▸ The task
The answer must be every line from the listing that holds the string "styles".

▸ Data for review
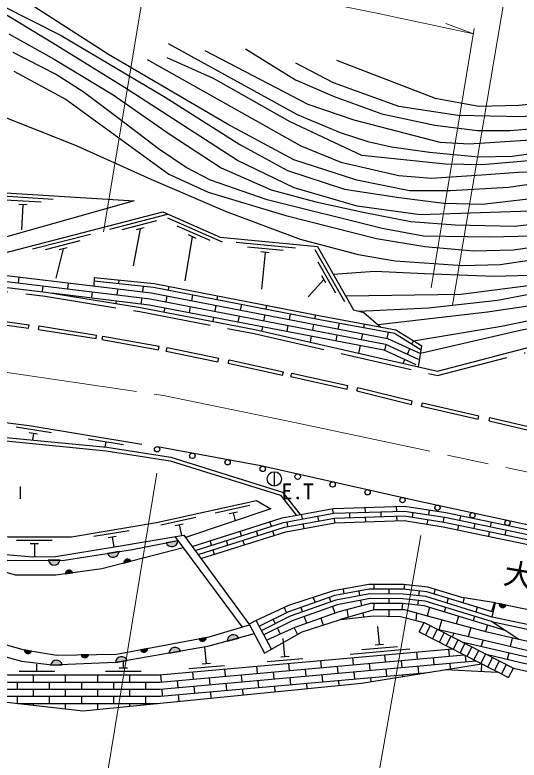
# Model space of a CAD drawing. Units: millimetres, scale not verified. Extents: x 40000 to 680000, y 20000 to 380000.
# Drawn here: x 117164 to 159405, y 257433 to 319910 of the extents above; entities that cross this region are included whole.
import ezdxf
from ezdxf.enums import TextEntityAlignment as Align

# ---------------------------------------------------------------- set-up
doc = ezdxf.new("R2010")
doc.units = ezdxf.units.MM
doc.header["$LTSCALE"] = 1000
doc.linetypes.add('CHAIN', pattern=[18.5, 12, -1.5, 3.5, -1.5])
doc.linetypes.add('DASHED', pattern=[7.5, 6, -1.5])
for name, color, linetype, lineweight in [('M-BGD', 7, 'Continuous', 25), ('M-BMK', 2, 'CHAIN', 13), ('M-STR-HTXT', 7, 'Continuous', 13)]:
    doc.layers.add(name, color=color, linetype=linetype, lineweight=lineweight)
doc.layers.add('M-BMK-HTXT', color=7, linetype='Continuous')
doc.styles.add('ＭＳ ゴシック', font='')
doc.styles.get('ＭＳ ゴシック').set_extended_font_data('MS Gothic')

msp = doc.modelspace()

# ---------------------------------------------------------------- hatches: boundary and pattern name
at = {"layer": 'M-BGD'}
for points in [[(130806, 275828, -0.82183), (129833, 275639)], [(125891, 274913, -0.82183), (124912, 274759)], [(126889, 274098), (126283, 273942, -0.84072)], [(120947, 274190, -0.82183), (119957, 274187)], [(121991, 273135), (121371, 273050, -0.84072)], [(157718, 270559), (158332, 270435, -0.84072)], [(132591, 267597), (133206, 267712, -0.84072)], [(134960, 267405, -0.82183), (135915, 267667)], [(127676, 266675), (128291, 266790, -0.84072)], [(131046, 266559, 0.82183), (130070, 266390)], [(117938, 266673), (118556, 266575, -0.84072)], [(123337, 266272), (122711, 266264, 0.84072)], [(120141, 265379, -0.82183), (121131, 265422)], [(125587, 265614, -0.82183), (126563, 265783)]]:
    msp.add_hatch(color=256, dxfattribs=at).paths.add_polyline_path(points)

# ---------------------------------------------------------------- linework, layer by layer
for p, q in [((120372, 304445), (115381, 304746)), ((119356, 304205), (116361, 304386)), ((118190, 303975), (117491, 304018)), ((117841, 303996), (117714, 301897)), ((129927, 303173), (125086, 301923)), ((129034, 302632), (126129, 301882)), ((134545, 300852), (129975, 302881)), ((127657, 301967), (127080, 298860)), ((127995, 302054), (127318, 301879)), ((133509, 300984), (130767, 302201)), ((123487, 301510), (118646, 300259)), ((132017, 301318), (131408, 297609)), ((132337, 301176), (131697, 301460)), ((122593, 300969), (119689, 300219)), ((140667, 300357), (135690, 300836)), ((121216, 300303), (120594, 297849)), ((121555, 300391), (120877, 300216)), ((139643, 300154), (136656, 300442)), ((138469, 299966), (137772, 300033)), ((138121, 299999), (137825, 296921)), ((144801, 295863), (142329, 300209)), ((144045, 296584), (142562, 299192)), ((143216, 297435), (142870, 298044)), ((117464, 297432), (117523, 297929)), ((121604, 296935), (121663, 297431)), ((123814, 297902), (123763, 297179)), ((125858, 297391), (125894, 297689)), ((143043, 297739), (141739, 296276)), ((119477, 296708), (119534, 297184)), ((125744, 296437), (125803, 296934)), ((127873, 296685), (127933, 297179)), ((130027, 296850), (130084, 297144)), ((121537, 296383), (121544, 296438)), ((123614, 296190), (123674, 296686)), ((127754, 295692), (127814, 296188)), ((129834, 295848), (129928, 296339)), ((131975, 295944), (132073, 296451)), ((134120, 296053), (134177, 296347)), ((125656, 295709), (125684, 295941)), ((133928, 295058), (134023, 295549)), ((136070, 295154), (136166, 295654)), ((138213, 295256), (138270, 295550)), ((129669, 294997), (129739, 295357)), ((131786, 294962), (131881, 295453)), ((133764, 294210), (133833, 294567)), ((135880, 294172), (135975, 294663)), ((138022, 294268), (138117, 294759)), ((140164, 294364), (140259, 294857)), ((142306, 294459), (142362, 294753)), ((118309, 293636), (118350, 293933)), ((119142, 293547), (119190, 293843)), ((119190, 293843), (124011, 293071)), ((137855, 293403), (137927, 293777)), ((139975, 293382), (140069, 293873)), ((142116, 293478), (142211, 293969)), ((144258, 293574), (144355, 294074)), ((146404, 293692), (146461, 293986)), ((119142, 293547), (123964, 292775)), ((123964, 292775), (124011, 293071)), ((144069, 292592), (144164, 293083)), ((146211, 292688), (146305, 293179)), ((148353, 292784), (148454, 293310)), ((124488, 292686), (124541, 292981)), ((124488, 292686), (129206, 291841)), ((124541, 292981), (129259, 292136)), ((141922, 292472), (142022, 292987)), ((150431, 292319), (150557, 292594)), ((129206, 291841), (129259, 292136)), ((129849, 291728), (129910, 292022)), ((129910, 292022), (134240, 291120)), ((145989, 291540), (146116, 292197)), ((148159, 291780), (148256, 292285)), ((150044, 291470), (150251, 291925)), ((150975, 290399), (151266, 292162)), ((129849, 291728), (134179, 290826)), ((134179, 290826), (134240, 291120)), ((135038, 290710), (135103, 291003)), ((135038, 290710), (139592, 289698)), ((135103, 291003), (139657, 289991)), ((149690, 290693), (149837, 291015)), ((139592, 289698), (139657, 289991)), ((140292, 289588), (140358, 289880)), ((140292, 289588), (145004, 288534)), ((140358, 289880), (145069, 288826)), ((145004, 288534), (145069, 288826)), ((145812, 288385), (145884, 288676)), ((145884, 288676), (150459, 287548)), ((145812, 288385), (150387, 287257)), ((150387, 287257), (150459, 287548)), ((151239, 287100), (151307, 287392)), ((151239, 287100), (155973, 286008)), ((151307, 287392), (156040, 286300)), ((155973, 286008), (156040, 286300)), ((156889, 285871), (156959, 286162)), ((156959, 286162), (161483, 285076)), ((156889, 285871), (161413, 284785)), ((120242, 284871), (117278, 285337)), ((119059, 284753), (118368, 284862)), ((118714, 284808), (118630, 284277)), ((126260, 283857), (123301, 284349)), ((124780, 284103), (124711, 283685)), ((138896, 281607), (138896, 280407)), ((117632, 279327), (117632, 280372)), ((136857, 278774), (133929, 278124)), ((149160, 278292), (149148, 278692)), ((135800, 278232), (135116, 278080)), ((135458, 278156), (135608, 277480)), ((141256, 277650), (141185, 278043)), ((143844, 278120), (143772, 278514)), ((145230, 277770), (145217, 278169)), ((146531, 278210), (146519, 278610)), ((147858, 277852), (147846, 278251)), ((150479, 277805), (150541, 278200)), ((151840, 277998), (151901, 278393)), ((132324, 277767), (129396, 277117)), ((138651, 277040), (138530, 277421)), ((140034, 277021), (139963, 277415)), ((142622, 277492), (142550, 277885)), ((143987, 277331), (143915, 277727)), ((146556, 277411), (146544, 277811)), ((149185, 277493), (149173, 277893)), ((151717, 277207), (151778, 277603)), ((153078, 277400), (153139, 277796)), ((154447, 277525), (154529, 277917)), ((131267, 277225), (130583, 277073)), ((130925, 277149), (131122, 276260)), ((141399, 276863), (141328, 277256)), ((154284, 276742), (154365, 277134)), ((155653, 276865), (155734, 277256)), ((157022, 276988), (157103, 277379)), ((126744, 276658), (123785, 276166)), ((125659, 276173), (124969, 276059)), ((130576, 276168), (136190, 268572)), ((136144, 276245), (136023, 276626)), ((137519, 276261), (137398, 276642)), ((138893, 276277), (138772, 276659)), ((156858, 276204), (156940, 276596)), ((158227, 276327), (158309, 276719)), ((120294, 275855), (117294, 275855)), ((119144, 275555), (118444, 275555)), ((118794, 275555), (118794, 274484)), ((125314, 276116), (125449, 275302)), ((130806, 275828), (129833, 275639)), ((133637, 275450), (133516, 275831)), ((135012, 275466), (134891, 275847)), ((136386, 275482), (136265, 275863)), ((125891, 274913), (124912, 274759)), ((133879, 274687), (133758, 275068)), ((120947, 274190), (119957, 274187)), ((126283, 273942), (126889, 274098)), ((121371, 273050), (121991, 273135)), ((147231, 272166), (147229, 271766)), ((149805, 272143), (149762, 271745)), ((144658, 271774), (144730, 271380)), ((145977, 271608), (146048, 271214)), ((148496, 271759), (148493, 271359)), ((151022, 271610), (150979, 271213)), ((152375, 271747), (152259, 271365)), ((142160, 271076), (142311, 270652)), ((143504, 271078), (143639, 270701)), ((146120, 270821), (146203, 270370)), ((147222, 270566), (147219, 270016)), ((148491, 270959), (148489, 270559)), ((149634, 270552), (149577, 270022)), ((150937, 270815), (150894, 270417)), ((153471, 270996), (153351, 270602)), ((154808, 271037), (154683, 270628)), ((157333, 270632), (157107, 269891)), ((157154, 269418), (157429, 270617)), ((157429, 270617), (194410, 263171)), ((158332, 270435), (157718, 270559)), ((139712, 270226), (139932, 269783)), ((141118, 270226), (141252, 269850)), ((143773, 270324), (143975, 269758)), ((144973, 270050), (145091, 269402)), ((148486, 270027), (148482, 269498)), ((151910, 270217), (151696, 269513)), ((153238, 270231), (153122, 269848)), ((155895, 270259), (155771, 269849)), ((141386, 269473), (141589, 268904)), ((142782, 269331), (142990, 268748)), ((146315, 269755), (146372, 269441)), ((150823, 269753), (150758, 269149)), ((154334, 269480), (154146, 268859)), ((155663, 269494), (155546, 269111)), ((194124, 261750), (157154, 269418)), ((136830, 268763), (138071, 266391)), ((138797, 269220), (138975, 268862)), ((151042, 268175), (151452, 268976)), ((151452, 268976), (158925, 265151)), ((151572, 267904), (151982, 268705)), ((152921, 269186), (152668, 268354)), ((156758, 268743), (156595, 268206)), ((157101, 269057), (194530, 261091)), ((159378, 267530), (157101, 269057)), ((139153, 268503), (139400, 268004)), ((140555, 268528), (140836, 267960)), ((147701, 267128), (147568, 268622)), ((151042, 268175), (158515, 264350)), ((152151, 267607), (152561, 268409)), ((152729, 267311), (153139, 268112)), ((153912, 268089), (153814, 267767)), ((155371, 268533), (155147, 267797)), ((133206, 267712), (132591, 267597)), ((134960, 267405), (135915, 267667)), ((139779, 266119), (139646, 267614)), ((153308, 267015), (153718, 267816)), ((153886, 266719), (154297, 267520)), ((156382, 267505), (156222, 266979)), ((158691, 266959), (158856, 267656)), ((128291, 266790), (127676, 266675)), ((133210, 265533), (133087, 266912)), ((146234, 266696), (149222, 266962)), ((147352, 267097), (148050, 267159)), ((154465, 266423), (154875, 267224)), ((154987, 267271), (154960, 267181)), ((155044, 266127), (155454, 266928)), ((118556, 266575), (117938, 266673)), ((123337, 266272), (122711, 266264)), ((130070, 266390), (131046, 266559)), ((145264, 266308), (150244, 266753)), ((148211, 265667), (148157, 266265)), ((150893, 265907), (150840, 266504)), ((153575, 266146), (153522, 266744)), ((154969, 265668), (154923, 266188)), ((155622, 265830), (156032, 266632)), ((156201, 265534), (156611, 266335)), ((158439, 265891), (158565, 266425)), ((125587, 265614), (126563, 265783)), ((126249, 265180), (126249, 265728)), ((132861, 265502), (133559, 265564)), ((138312, 265687), (141300, 265954)), ((139431, 266088), (140128, 266151)), ((140164, 264949), (140111, 265547)), ((142846, 265189), (142793, 265786)), ((145529, 265428), (145475, 266026)), ((146923, 264950), (146870, 265548)), ((149605, 265189), (149552, 265787)), ((152287, 265429), (152234, 266027)), ((153670, 265085), (153628, 265549)), ((156779, 265238), (157190, 266039)), ((157358, 264942), (157768, 265743)), ((119007, 264880), (119007, 265480)), ((120141, 265379), (121131, 265422)), ((125899, 265180), (126599, 265180)), ((131743, 265101), (134731, 265368)), ((134800, 264470), (134747, 265068)), ((137482, 264710), (137429, 265307)), ((141559, 264471), (141505, 265069)), ((144241, 264711), (144188, 265308)), ((148317, 264472), (148264, 265070)), ((151000, 264712), (150946, 265309)), ((153237, 265016), (157601, 264817)), ((156265, 265502), (156236, 264879)), ((157937, 264646), (158347, 265447)), ((158515, 264350), (158925, 265151)), ((117507, 264880), (120507, 264880)), ((118718, 263980), (118718, 264580)), ((121411, 263980), (121411, 264580)), ((124104, 263980), (124104, 264580)), ((124749, 264880), (127749, 264880)), ((126797, 263980), (126797, 264580)), ((129436, 263991), (129382, 264589)), ((132118, 264231), (132064, 264828)), ((133512, 263753), (133459, 264350)), ((136194, 263992), (136141, 264590)), ((138877, 264232), (138823, 264829)), ((140271, 263754), (140218, 264351)), ((142953, 263993), (142900, 264591)), ((145635, 264233), (145582, 264830)), ((147006, 264015), (146976, 264352)), ((149672, 264443), (149659, 264592)), ((117372, 263380), (117372, 263980)), ((120065, 263380), (120065, 263980)), ((122758, 263380), (122758, 263980)), ((125450, 263380), (125450, 263980)), ((128143, 263380), (128143, 263980)), ((130830, 263513), (130777, 264111)), ((134907, 263275), (134853, 263873)), ((137589, 263514), (137535, 264112)), ((141652, 263432), (141612, 263874)), ((144331, 263699), (144294, 264113)), ((118718, 262780), (118718, 263380)), ((121411, 262780), (121411, 263380)), ((124104, 262780), (124104, 263380)), ((126797, 262780), (126797, 263380)), ((129542, 262796), (129489, 263394)), ((132225, 263036), (132171, 263633)), ((133613, 262629), (133566, 263155)), ((136292, 262897), (136248, 263395)), ((138972, 263164), (138930, 263634)), ((117372, 262185), (117372, 262780)), ((120065, 262180), (120065, 262780)), ((122758, 262180), (122758, 262780)), ((125450, 262180), (125450, 262780)), ((128143, 262180), (128143, 262780)), ((130933, 262362), (130883, 262916)), ((117412, 262180), (129116, 262180)), ((118718, 262032), (118718, 262180)), ((121411, 261724), (121411, 262180)), ((124104, 261680), (124104, 262180)), ((126797, 261949), (126797, 262180))]:
    msp.add_line(p, q, dxfattribs=at)
for points in [[(113563, 321981), (121036, 318180), (129752, 313009), (135996, 309055), (140009, 306868), (144777, 305311), (149365, 304598), (153095, 304126), (156305, 304047), (165284, 305086), (176384, 306415), (179027, 306511), (183155, 306168)], [(252829, 303781), (247847, 300476), (243558, 298527), (238618, 297121), (235134, 296581), (231659, 296333), (225247, 296758), (213806, 298116), (207762, 299850), (199641, 302929), (196206, 304172), (193328, 304826), (186675, 306104), (181016, 307216), (175514, 307445), (166938, 306660), (158518, 305446), (153669, 305165), (150211, 305165), (145798, 306045), (140536, 307749), (134976, 310759), (125005, 316591), (118758, 320602)], [(253705, 300989), (248396, 297299), (245362, 295622), (241072, 294192), (238667, 293868), (235438, 293499), (230656, 293468), (226296, 293992), (220622, 294622), (214564, 296144), (203087, 299640), (190369, 303830), (185278, 304685), (174876, 305208), (165410, 303853), (161225, 303480), (151105, 303154), (145839, 303885), (140566, 305409), (135799, 307716), (126354, 313828), (120354, 317540), (116512, 319873)], [(116643, 318323), (120462, 316198), (125398, 313216), (130095, 309936), (134431, 307077), (138636, 305241), (142373, 304227), (146340, 303381), (150330, 302596), (154051, 302319), (159033, 302196), (163684, 302718), (169281, 303687), (173578, 304225), (177284, 304194), (181938, 303762), (187135, 302717)], [(130002, 317502), (140799, 311551), (144404, 310063), (146724, 309298), (148727, 308846), (151886, 308390), (156000, 308019), (158817, 308055), (164019, 308797), (174364, 310075), (177886, 310147), (180101, 309911)], [(185278, 302283), (180401, 303187), (177756, 303472), (173550, 303577), (166437, 302451), (161716, 301382), (156918, 301262), (151405, 301352), (147942, 301999), (138293, 304418), (133558, 306057), (131514, 307123), (129206, 308677), (125781, 311276), (122896, 313453), (120568, 314940), (117030, 316764)], [(173438, 310928), (160391, 309407), (155234, 309081), (152791, 309218), (145586, 311077), (141721, 312411), (133102, 316894)], [(136496, 317071), (140665, 314461), (143924, 313078), (147892, 311613), (152360, 310671), (155910, 310221), (158652, 310212), (163608, 310641), (168596, 311313)], [(128247, 316181), (141107, 308922), (144468, 307564), (149341, 306454), (152079, 306212), (156257, 306503), (159358, 306736), (164012, 306870), (171529, 308025), (175804, 308125), (186812, 307237), (191657, 306047), (198303, 304172), (207804, 300888), (212860, 299382), (222331, 298273), (229925, 297527), (232061, 297527), (235953, 297969), (238124, 298412), (244018, 300274), (246592, 301442), (252488, 304868)], [(252073, 306193), (247198, 303772), (240635, 300271), (236521, 299354), (233796, 298968), (230138, 298814), (218205, 299289), (212443, 300770), (198358, 305563), (193474, 307247), (187729, 308760), (185133, 309134), (179916, 309456), (173900, 309107), (164741, 308077), (156305, 307344), (153231, 307396), (146230, 308110), (140215, 310958), (133810, 314571), (129913, 316322)], [(165201, 312134), (159754, 311369), (154270, 311463), (149320, 312230), (143855, 314225), (140702, 315866)], [(144097, 316108), (152379, 312939), (156035, 312267), (159379, 312343), (162998, 312716)], [(117078, 315204), (121455, 312815), (130050, 306560), (133359, 305061), (139875, 303099), (147449, 301171), (151518, 300507), (155579, 300132), (158948, 300219), (166245, 301284), (170487, 302169), (174509, 302758), (177179, 302700), (182860, 301712), (186139, 301016)], [(114295, 312116), (122296, 308958), (128542, 306141), (134854, 303424), (141067, 301109), (145936, 299813), (149031, 299284), (154694, 298912), (157831, 298997), (167934, 300499), (174197, 301297), (177132, 301350), (180412, 301180), (186138, 300120)], [(81954, 298055), (77343, 298621), (91020, 305492), (106395, 305107), (111880, 305258), (127162, 304335), (110390, 299588), (107887, 297945)], [(110372, 297782), (109933, 298319), (129567, 303390), (134352, 301266), (142520, 300480), (145540, 295170), (146406, 294969), (147828, 293732)], [(143825, 298184), (147330, 298430), (151492, 298235), (157292, 297996), (160318, 298083), (164721, 298657), (170358, 299428), (174274, 299992), (177223, 299992), (180712, 299373), (185961, 298571)], [(111313, 298675), (128567, 296602), (148378, 292779), (151158, 291511)], [(256202, 293029), (252181, 290246), (248635, 288462), (245553, 287152), (240070, 285662), (236067, 285497), (229697, 285922), (217447, 288078), (208273, 291239), (196223, 295528), (188569, 297524), (185042, 298076), (176545, 299108), (174097, 299108), (169528, 298671), (162110, 297434), (154513, 296482), (144879, 296332)], [(62541, 295583), (68798, 296612), (72866, 297089), (81954, 298055), (91460, 298453), (97535, 298453), (105553, 298098), (110658, 297763), (119744, 296676), (127683, 295378), (137271, 293536), (152563, 290035), (171595, 295011), (187149, 290061), (195024, 287357), (208095, 282108), (215017, 278283), (224580, 278363), (230894, 278798), (237629, 279574), (244433, 280644), (252248, 282245), (259019, 284094)], [(109983, 298331), (128490, 296107), (148224, 292300), (150951, 291056)], [(145973, 295069), (151828, 295340), (157594, 296006), (162294, 296874), (173222, 298328), (177005, 298328), (182053, 297409), (188852, 295682), (198627, 292753), (204951, 290490), (212929, 287906), (224645, 284751), (227574, 284465), (230874, 284214), (242590, 284514), (245891, 285166), (249651, 286546), (254283, 289332), (256840, 290996)], [(123793, 297603), (128786, 297092), (142713, 294379), (148959, 293216), (151213, 291843)], [(123814, 297902), (128830, 297389), (142769, 294674), (149068, 293501), (151266, 292162)], [(231948, 282926), (224297, 284087), (216930, 286109), (207189, 288818), (200598, 291456), (192115, 294132), (178514, 297327), (175706, 297747), (173346, 297795), (168621, 297073), (161880, 295749), (156755, 294988), (147610, 293922)], [(150557, 292594), (157926, 293813), (168671, 296049), (173457, 296893), (176809, 296843), (180045, 296496), (183323, 295701), (187358, 294448), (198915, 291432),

▸ Answer box
doc.styles.add('ＭＳ ゴシック', font='')
doc.styles.get('ＭＳ ゴシック').set_extended_font_data('MS Gothic')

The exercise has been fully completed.